Why the Trees Near the Preserve Are Worth Extra Attention?
The forests around Hammond carry a mix of white pine, red oak, sugar maple, and American beech. That last one matters right now. Beech leaf disease has been spreading through southern New Hampshire at a pace that surprised even the state's forest health specialists. The NH Division of Forests and Lands mapped nearly 4,800 acres of it in 2025 alone, and it reached 36 new towns that year.
Beech leaf disease is caused by a nematode. It shows up as dark banding between the leaf veins, and leaves eventually turn leathery and deformed. The tree declines over three to six years depending on its vigor. There is no established treatment. If you have beeches near your property line, or along the edge of a wooded lot near Dunbarton Center Road or Brown Hill Road, this is the time to pay attention.
Emerald ash borer is another story worth knowing. It is now present in nearly every town in southern New Hampshire. Ash trees can look reasonably healthy for a season or two while the larvae feed beneath the bark. By the time dieback becomes obvious in the canopy, the tree has often lost structural integrity. White ash was a common street and yard tree through this part of the state, and many that were never treated are already compromised.
What Pruning Decisions Look Like from Inside the Canopy?
One thing competing content on this topic consistently skips is the actual reasoning process a trained crew uses when they get into a tree. Homeowners tend to think about what needs to come off. We tend to think first about what the tree is trying to do.
A white pine that has been storm-damaged will often put out a flush of competing leaders trying to replace the lost main stem. If two or three of those are left to develop equally, you end up with a structurally weak crown in ten years. Pruning one into dominance while the others are still small is a minor task. Correcting that same problem when the secondary leaders are eight inches in diameter is a much larger conversation.
Wound closure is another concept most homeowners do not think about. When a branch is removed properly, the tree forms a callus ring around the cut. That ring grows slowly from the outside in, and a correctly sized cut from a healthy tree will close over in a few seasons. A cut that is too large, or made flush to the trunk so it removes the branch collar, can leave the tree unable to compartmentalize the wound effectively. That is how decay pockets start.
I am Ryan LaRoche, and I run Tree Fellas out of Loudon. We work throughout this area, including properties near Bow and the surrounding towns in Merrimack County. Homeowners who want to understand what a proper hazard assessment involves before scheduling anything can find out more on our service page.

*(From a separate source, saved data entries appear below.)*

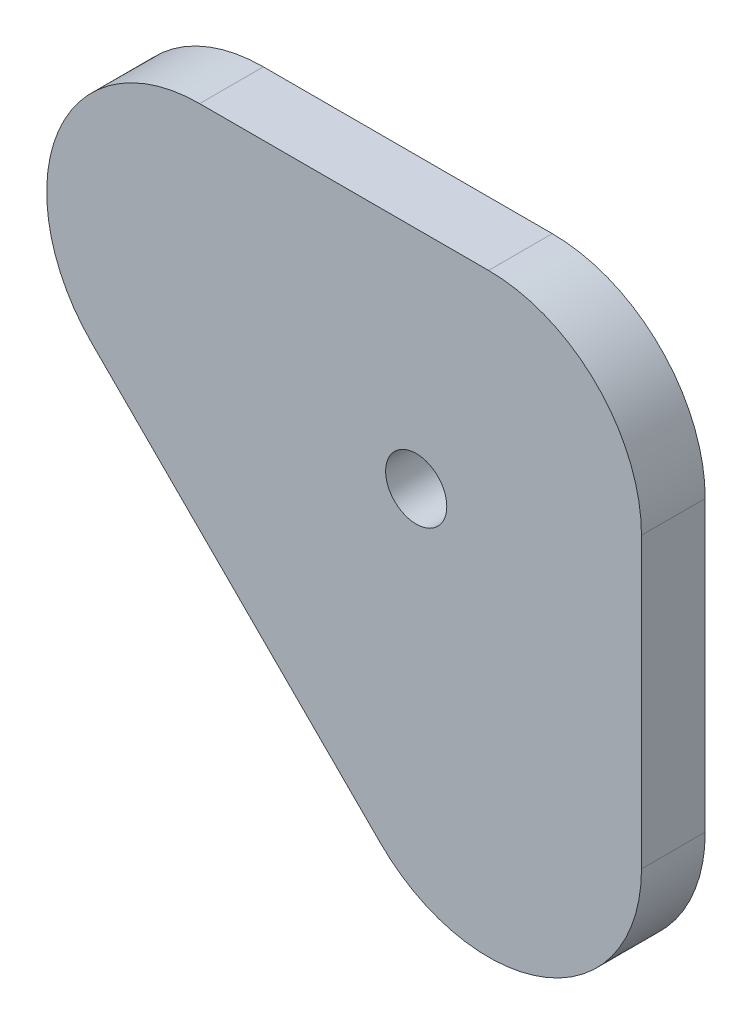
ISO-10303-21;
HEADER;
FILE_DESCRIPTION(('STEP AP214'),'2;1');
FILE_NAME('part.step','',(''),(''),'','','');
FILE_SCHEMA(('AUTOMOTIVE_DESIGN { 1 0 10303 214 1 1 1 1 }'));
ENDSEC;
DATA;
#1=APPLICATION_CONTEXT('core data for automotive mechanical design processes');
#2=APPLICATION_PROTOCOL_DEFINITION('international standard','automotive_design',2000,#1);
#3=PRODUCT_CONTEXT('',#1,'mechanical');
#4=PRODUCT('Part','Part','',(#3));
#5=PRODUCT_RELATED_PRODUCT_CATEGORY('part','',(#4));
#6=PRODUCT_DEFINITION_FORMATION('','',#4);
#7=PRODUCT_DEFINITION_CONTEXT('part definition',#1,'design');
#8=PRODUCT_DEFINITION('design','',#6,#7);
#9=PRODUCT_DEFINITION_SHAPE('','',#8);
#10=(LENGTH_UNIT() NAMED_UNIT(*) SI_UNIT(.MILLI.,.METRE.));
#11=(NAMED_UNIT(*) PLANE_ANGLE_UNIT() SI_UNIT($,.RADIAN.));
#12=(NAMED_UNIT(*) SI_UNIT($,.STERADIAN.) SOLID_ANGLE_UNIT());
#13=UNCERTAINTY_MEASURE_WITH_UNIT(LENGTH_MEASURE(1.E-05),#10,'distance_accuracy_value','');
#14=(GEOMETRIC_REPRESENTATION_CONTEXT(3) GLOBAL_UNCERTAINTY_ASSIGNED_CONTEXT((#13)) GLOBAL_UNIT_ASSIGNED_CONTEXT((#10,
#11,#12)) REPRESENTATION_CONTEXT('',''));
#15=CARTESIAN_POINT('',(0.,0.,0.));
#16=DIRECTION('',(0.,0.,1.));
#17=DIRECTION('',(1.,0.,0.));
#18=AXIS2_PLACEMENT_3D('',#15,#16,#17);
#19=CARTESIAN_POINT('',(-92.146105664654,-73.1582446553416,5.));
#20=DIRECTION('',(0.,0.,1.));
#21=DIRECTION('',(1.,0.,0.));
#22=AXIS2_PLACEMENT_3D('',#19,#20,#21);
#23=PLANE('',#22);
#24=CARTESIAN_POINT('',(-92.146105664654,-73.1582446553416,5.));
#25=DIRECTION('',(0.,0.,1.));
#26=DIRECTION('',(1.,0.,0.));
#27=AXIS2_PLACEMENT_3D('',#24,#25,#26);
#28=CIRCLE('',#27,11.9999999999999);
#29=CARTESIAN_POINT('',(-92.146105664654,-61.1582446553416,5.));
#30=VERTEX_POINT('',#29);
#31=CARTESIAN_POINT('',(-100.631387038892,-81.64352602958,5.));
#32=VERTEX_POINT('',#31);
#33=EDGE_CURVE('E128',#30,#32,#28,.T.);
#34=ORIENTED_EDGE('',*,*,#33,.T.);
#35=DIRECTION('',(0.707106781186534,-0.707106781186561,0.));
#36=VECTOR('',#35,1.);
#37=CARTESIAN_POINT('',(-100.631387038892,-81.64352602958,5.));
#38=LINE('',#37,#36);
#39=CARTESIAN_POINT('',(-77.9623394805927,-104.31257358788,5.));
#40=VERTEX_POINT('',#39);
#41=EDGE_CURVE('E86',#32,#40,#38,.T.);
#42=ORIENTED_EDGE('',*,*,#41,.T.);
#43=CARTESIAN_POINT('',(-69.477058106354,-95.8272922136416,5.));
#44=DIRECTION('',(0.,0.,1.));
#45=DIRECTION('',(1.,0.,0.));
#46=AXIS2_PLACEMENT_3D('',#43,#44,#45);
#47=CIRCLE('',#46,12.0000000000002);
#48=CARTESIAN_POINT('',(-57.477058106354,-95.8272922136416,5.));
#49=VERTEX_POINT('',#48);
#50=EDGE_CURVE('E99',#40,#49,#47,.T.);
#51=ORIENTED_EDGE('',*,*,#50,.T.);
#52=DIRECTION('',(0.,1.,0.));
#53=VECTOR('',#52,1.);
#54=CARTESIAN_POINT('',(-57.477058106354,-95.8272922136416,5.));
#55=LINE('',#54,#53);
#56=CARTESIAN_POINT('',(-57.4770581063536,-73.1582446553416,5.));
#57=VERTEX_POINT('',#56);
#58=EDGE_CURVE('E93',#49,#57,#55,.T.);
#59=ORIENTED_EDGE('',*,*,#58,.T.);
#60=CARTESIAN_POINT('',(-69.477058106354,-73.1582446553416,5.));
#61=DIRECTION('',(0.,0.,1.));
#62=DIRECTION('',(1.,0.,0.));
#63=AXIS2_PLACEMENT_3D('',#60,#61,#62);
#64=CIRCLE('',#63,12.0000000000003);
#65=CARTESIAN_POINT('',(-69.477058106354,-61.1582446553416,5.));
#66=VERTEX_POINT('',#65);
#67=EDGE_CURVE('E97',#57,#66,#64,.T.);
#68=ORIENTED_EDGE('',*,*,#67,.T.);
#69=DIRECTION('',(-1.,0.,0.));
#70=VECTOR('',#69,1.);
#71=CARTESIAN_POINT('',(-69.477058106354,-61.1582446553416,5.));
#72=LINE('',#71,#70);
#73=EDGE_CURVE('E49',#66,#30,#72,.T.);
#74=ORIENTED_EDGE('',*,*,#73,.T.);
#75=EDGE_LOOP('',(#34,#42,#51,#59,#68,#74));
#76=FACE_BOUND('',#75,.T.);
#77=CARTESIAN_POINT('',(-75.1547276360539,-78.8359141850415,5.));
#78=DIRECTION('',(0.,0.,1.));
#79=DIRECTION('',(1.,0.,0.));
#80=AXIS2_PLACEMENT_3D('',#77,#78,#79);
#81=CIRCLE('',#80,2.39999999999985);
#82=CARTESIAN_POINT('',(-72.7547276360541,-78.8359141850415,5.));
#83=VERTEX_POINT('',#82);
#84=EDGE_CURVE('E121',#83,#83,#81,.T.);
#85=ORIENTED_EDGE('',*,*,#84,.F.);
#86=EDGE_LOOP('',(#85));
#87=FACE_BOUND('',#86,.T.);
#88=ADVANCED_FACE('F32',(#76,#87),#23,.T.);
#89=CARTESIAN_POINT('',(-92.146105664654,-73.1582446553416,0.));
#90=DIRECTION('',(0.,0.,1.));
#91=DIRECTION('',(1.,0.,0.));
#92=AXIS2_PLACEMENT_3D('',#89,#90,#91);
#93=PLANE('',#92);
#94=CARTESIAN_POINT('',(-92.146105664654,-73.1582446553416,0.));
#95=DIRECTION('',(0.,0.,1.));
#96=DIRECTION('',(1.,0.,0.));
#97=AXIS2_PLACEMENT_3D('',#94,#95,#96);
#98=CIRCLE('',#97,11.9999999999999);
#99=CARTESIAN_POINT('',(-92.146105664654,-61.1582446553416,0.));
#100=VERTEX_POINT('',#99);
#101=CARTESIAN_POINT('',(-100.631387038892,-81.64352602958,0.));
#102=VERTEX_POINT('',#101);
#103=EDGE_CURVE('E117',#100,#102,#98,.T.);
#104=ORIENTED_EDGE('',*,*,#103,.F.);
#105=DIRECTION('',(-1.,0.,0.));
#106=VECTOR('',#105,1.);
#107=CARTESIAN_POINT('',(-69.477058106354,-61.1582446553416,0.));
#108=LINE('',#107,#106);
#109=CARTESIAN_POINT('',(-69.477058106354,-61.1582446553416,0.));
#110=VERTEX_POINT('',#109);
#111=EDGE_CURVE('E78',#110,#100,#108,.T.);
#112=ORIENTED_EDGE('',*,*,#111,.F.);
#113=CARTESIAN_POINT('',(-69.477058106354,-73.1582446553416,0.));
#114=DIRECTION('',(0.,0.,1.));
#115=DIRECTION('',(1.,0.,0.));
#116=AXIS2_PLACEMENT_3D('',#113,#114,#115);
#117=CIRCLE('',#116,12.0000000000003);
#118=CARTESIAN_POINT('',(-57.4770581063536,-73.1582446553416,0.));
#119=VERTEX_POINT('',#118);
#120=EDGE_CURVE('E72',#119,#110,#117,.T.);
#121=ORIENTED_EDGE('',*,*,#120,.F.);
#122=DIRECTION('',(0.,1.,0.));
#123=VECTOR('',#122,1.);
#124=CARTESIAN_POINT('',(-57.477058106354,-95.8272922136416,0.));
#125=LINE('',#124,#123);
#126=CARTESIAN_POINT('',(-57.477058106354,-95.8272922136416,0.));
#127=VERTEX_POINT('',#126);
#128=EDGE_CURVE('E107',#127,#119,#125,.T.);
#129=ORIENTED_EDGE('',*,*,#128,.F.);
#130=CARTESIAN_POINT('',(-69.477058106354,-95.8272922136416,0.));
#131=DIRECTION('',(0.,0.,1.));
#132=DIRECTION('',(1.,0.,0.));
#133=AXIS2_PLACEMENT_3D('',#130,#131,#132);
#134=CIRCLE('',#133,12.0000000000002);
#135=CARTESIAN_POINT('',(-77.9623394805927,-104.31257358788,0.));
#136=VERTEX_POINT('',#135);
#137=EDGE_CURVE('E123',#136,#127,#134,.T.);
#138=ORIENTED_EDGE('',*,*,#137,.F.);
#139=DIRECTION('',(0.707106781186534,-0.707106781186561,0.));
#140=VECTOR('',#139,1.);
#141=CARTESIAN_POINT('',(-100.631387038892,-81.64352602958,0.));
#142=LINE('',#141,#140);
#143=EDGE_CURVE('E120',#102,#136,#142,.T.);
#144=ORIENTED_EDGE('',*,*,#143,.F.);
#145=EDGE_LOOP('',(#104,#112,#121,#129,#138,#144));
#146=FACE_BOUND('',#145,.T.);
#147=CARTESIAN_POINT('',(-75.1547276360539,-78.8359141850415,0.));
#148=DIRECTION('',(0.,0.,1.));
#149=DIRECTION('',(1.,0.,0.));
#150=AXIS2_PLACEMENT_3D('',#147,#148,#149);
#151=CIRCLE('',#150,2.39999999999985);
#152=CARTESIAN_POINT('',(-72.7547276360541,-78.8359141850415,0.));
#153=VERTEX_POINT('',#152);
#154=EDGE_CURVE('E221',#153,#153,#151,.T.);
#155=ORIENTED_EDGE('',*,*,#154,.T.);
#156=EDGE_LOOP('',(#155));
#157=FACE_BOUND('',#156,.T.);
#158=ADVANCED_FACE('F137',(#146,#157),#93,.F.);
#159=CARTESIAN_POINT('',(-92.146105664654,-73.1582446553416,5.));
#160=DIRECTION('',(0.,0.,-1.));
#161=DIRECTION('',(-1.,0.,0.));
#162=AXIS2_PLACEMENT_3D('',#159,#160,#161);
#163=CYLINDRICAL_SURFACE('',#162,11.9999999999999);
#164=ORIENTED_EDGE('',*,*,#103,.T.);
#165=DIRECTION('',(0.,0.,-1.));
#166=VECTOR('',#165,1.);
#167=CARTESIAN_POINT('',(-100.631387038892,-81.64352602958,5.));
#168=LINE('',#167,#166);
#169=EDGE_CURVE('E11',#32,#102,#168,.T.);
#170=ORIENTED_EDGE('',*,*,#169,.F.);
#171=ORIENTED_EDGE('',*,*,#33,.F.);
#172=DIRECTION('',(0.,0.,-1.));
#173=VECTOR('',#172,1.);
#174=CARTESIAN_POINT('',(-92.146105664654,-61.1582446553416,5.));
#175=LINE('',#174,#173);
#176=EDGE_CURVE('E113',#30,#100,#175,.T.);
#177=ORIENTED_EDGE('',*,*,#176,.T.);
#178=EDGE_LOOP('',(#164,#170,#171,#177));
#179=FACE_BOUND('',#178,.T.);
#180=ADVANCED_FACE('F34',(#179),#163,.T.);
#181=CARTESIAN_POINT('',(-100.631387038892,-81.64352602958,5.));
#182=DIRECTION('',(0.707106781186561,0.707106781186534,0.));
#183=DIRECTION('',(-0.707106781186534,0.707106781186561,0.));
#184=AXIS2_PLACEMENT_3D('',#181,#182,#183);
#185=PLANE('',#184);
#186=ORIENTED_EDGE('',*,*,#143,.T.);
#187=DIRECTION('',(0.,0.,-1.));
#188=VECTOR('',#187,1.);
#189=CARTESIAN_POINT('',(-77.9623394805927,-104.31257358788,5.));
#190=LINE('',#189,#188);
#191=EDGE_CURVE('E41',#40,#136,#190,.T.);
#192=ORIENTED_EDGE('',*,*,#191,.F.);
#193=ORIENTED_EDGE('',*,*,#41,.F.);
#194=ORIENTED_EDGE('',*,*,#169,.T.);
#195=EDGE_LOOP('',(#186,#192,#193,#194));
#196=FACE_BOUND('',#195,.T.);
#197=ADVANCED_FACE('F162',(#196),#185,.F.);
#198=CARTESIAN_POINT('',(-69.477058106354,-95.8272922136416,5.));
#199=DIRECTION('',(0.,0.,-1.));
#200=DIRECTION('',(-1.,0.,0.));
#201=AXIS2_PLACEMENT_3D('',#198,#199,#200);
#202=CYLINDRICAL_SURFACE('',#201,12.0000000000002);
#203=ORIENTED_EDGE('',*,*,#137,.T.);
#204=DIRECTION('',(0.,0.,-1.));
#205=VECTOR('',#204,1.);
#206=CARTESIAN_POINT('',(-57.477058106354,-95.8272922136416,5.));
#207=LINE('',#206,#205);
#208=EDGE_CURVE('E108',#49,#127,#207,.T.);
#209=ORIENTED_EDGE('',*,*,#208,.F.);
#210=ORIENTED_EDGE('',*,*,#50,.F.);
#211=ORIENTED_EDGE('',*,*,#191,.T.);
#212=EDGE_LOOP('',(#203,#209,#210,#211));
#213=FACE_BOUND('',#212,.T.);
#214=ADVANCED_FACE('F134',(#213),#202,.T.);
#215=CARTESIAN_POINT('',(-57.477058106354,-95.8272922136416,5.));
#216=DIRECTION('',(-1.,0.,0.));
#217=DIRECTION('',(0.,-1.,0.));
#218=AXIS2_PLACEMENT_3D('',#215,#216,#217);
#219=PLANE('',#218);
#220=ORIENTED_EDGE('',*,*,#128,.T.);
#221=DIRECTION('',(0.,0.,-1.));
#222=VECTOR('',#221,1.);
#223=CARTESIAN_POINT('',(-57.4770581063536,-73.1582446553416,5.));
#224=LINE('',#223,#222);
#225=EDGE_CURVE('E104',#57,#119,#224,.T.);
#226=ORIENTED_EDGE('',*,*,#225,.F.);
#227=ORIENTED_EDGE('',*,*,#58,.F.);
#228=ORIENTED_EDGE('',*,*,#208,.T.);
#229=EDGE_LOOP('',(#220,#226,#227,#228));
#230=FACE_BOUND('',#229,.T.);
#231=ADVANCED_FACE('F105',(#230),#219,.F.);
#232=CARTESIAN_POINT('',(-69.477058106354,-73.1582446553416,5.));
#233=DIRECTION('',(0.,0.,-1.));
#234=DIRECTION('',(-1.,0.,0.));
#235=AXIS2_PLACEMENT_3D('',#232,#233,#234);
#236=CYLINDRICAL_SURFACE('',#235,12.0000000000003);
#237=ORIENTED_EDGE('',*,*,#120,.T.);
#238=DIRECTION('',(0.,0.,-1.));
#239=VECTOR('',#238,1.);
#240=CARTESIAN_POINT('',(-69.477058106354,-61.1582446553416,5.));
#241=LINE('',#240,#239);
#242=EDGE_CURVE('E109',#66,#110,#241,.T.);
#243=ORIENTED_EDGE('',*,*,#242,.F.);
#244=ORIENTED_EDGE('',*,*,#67,.F.);
#245=ORIENTED_EDGE('',*,*,#225,.T.);
#246=EDGE_LOOP('',(#237,#243,#244,#245));
#247=FACE_BOUND('',#246,.T.);
#248=ADVANCED_FACE('F111',(#247),#236,.T.);
#249=CARTESIAN_POINT('',(-69.477058106354,-61.1582446553416,5.));
#250=DIRECTION('',(0.,-1.,0.));
#251=DIRECTION('',(0.,0.,-1.));
#252=AXIS2_PLACEMENT_3D('',#249,#250,#251);
#253=PLANE('',#252);
#254=ORIENTED_EDGE('',*,*,#111,.T.);
#255=ORIENTED_EDGE('',*,*,#176,.F.);
#256=ORIENTED_EDGE('',*,*,#73,.F.);
#257=ORIENTED_EDGE('',*,*,#242,.T.);
#258=EDGE_LOOP('',(#254,#255,#256,#257));
#259=FACE_BOUND('',#258,.T.);
#260=ADVANCED_FACE('F142',(#259),#253,.F.);
#261=CARTESIAN_POINT('',(-75.1547276360539,-78.8359141850415,5.));
#262=DIRECTION('',(0.,0.,-1.));
#263=DIRECTION('',(-1.,0.,0.));
#264=AXIS2_PLACEMENT_3D('',#261,#262,#263);
#265=CYLINDRICAL_SURFACE('',#264,2.39999999999985);
#266=ORIENTED_EDGE('',*,*,#84,.T.);
#267=EDGE_LOOP('',(#266));
#268=FACE_BOUND('',#267,.T.);
#269=ORIENTED_EDGE('',*,*,#154,.F.);
#270=EDGE_LOOP('',(#269));
#271=FACE_BOUND('',#270,.T.);
#272=ADVANCED_FACE('F144',(#268,#271),#265,.F.);
#273=CLOSED_SHELL('',(#88,#158,#180,#197,#214,#231,#248,#260,#272));
#274=MANIFOLD_SOLID_BREP('B2',#273);
#275=ADVANCED_BREP_SHAPE_REPRESENTATION('',(#18,#274),#14);
#276=SHAPE_DEFINITION_REPRESENTATION(#9,#275);
ENDSEC;
END-ISO-10303-21;

What the Canopy Myth Actually Costs You?
The practical problem with waiting until a tree looks visibly sick is that by then, your options have often narrowed. A tree with active canopy that has a compromised structure can sometimes be cabled, pruned back, and monitored. A tree that has lost two-thirds of its internal integrity and is now leaning toward a roof does not have the same range of outcomes.
Assessments are inexpensive compared to emergency removals. And emergency removals are inexpensive compared to what happens when a co-dominant stem fails onto something important.
If you want to check how other property owners in this area have experienced the work, our Google Business Profile has a fair picture of what to expect.
A Closing Thought About Trees and the People Who Own Them
There is something about a healthy-looking tree that makes it feel permanent. People live alongside the same red oak for thirty years and start to think of it as part of the house. That connection is real and worth something.
But that tree is also a living system responding to conditions you cannot always see from the ground. It has been managing drought, ice loads, and insect pressure year after year. Giving it a proper look every few years is not a sign of worry. It is just the same kind of attention you would give anything on your property that matters.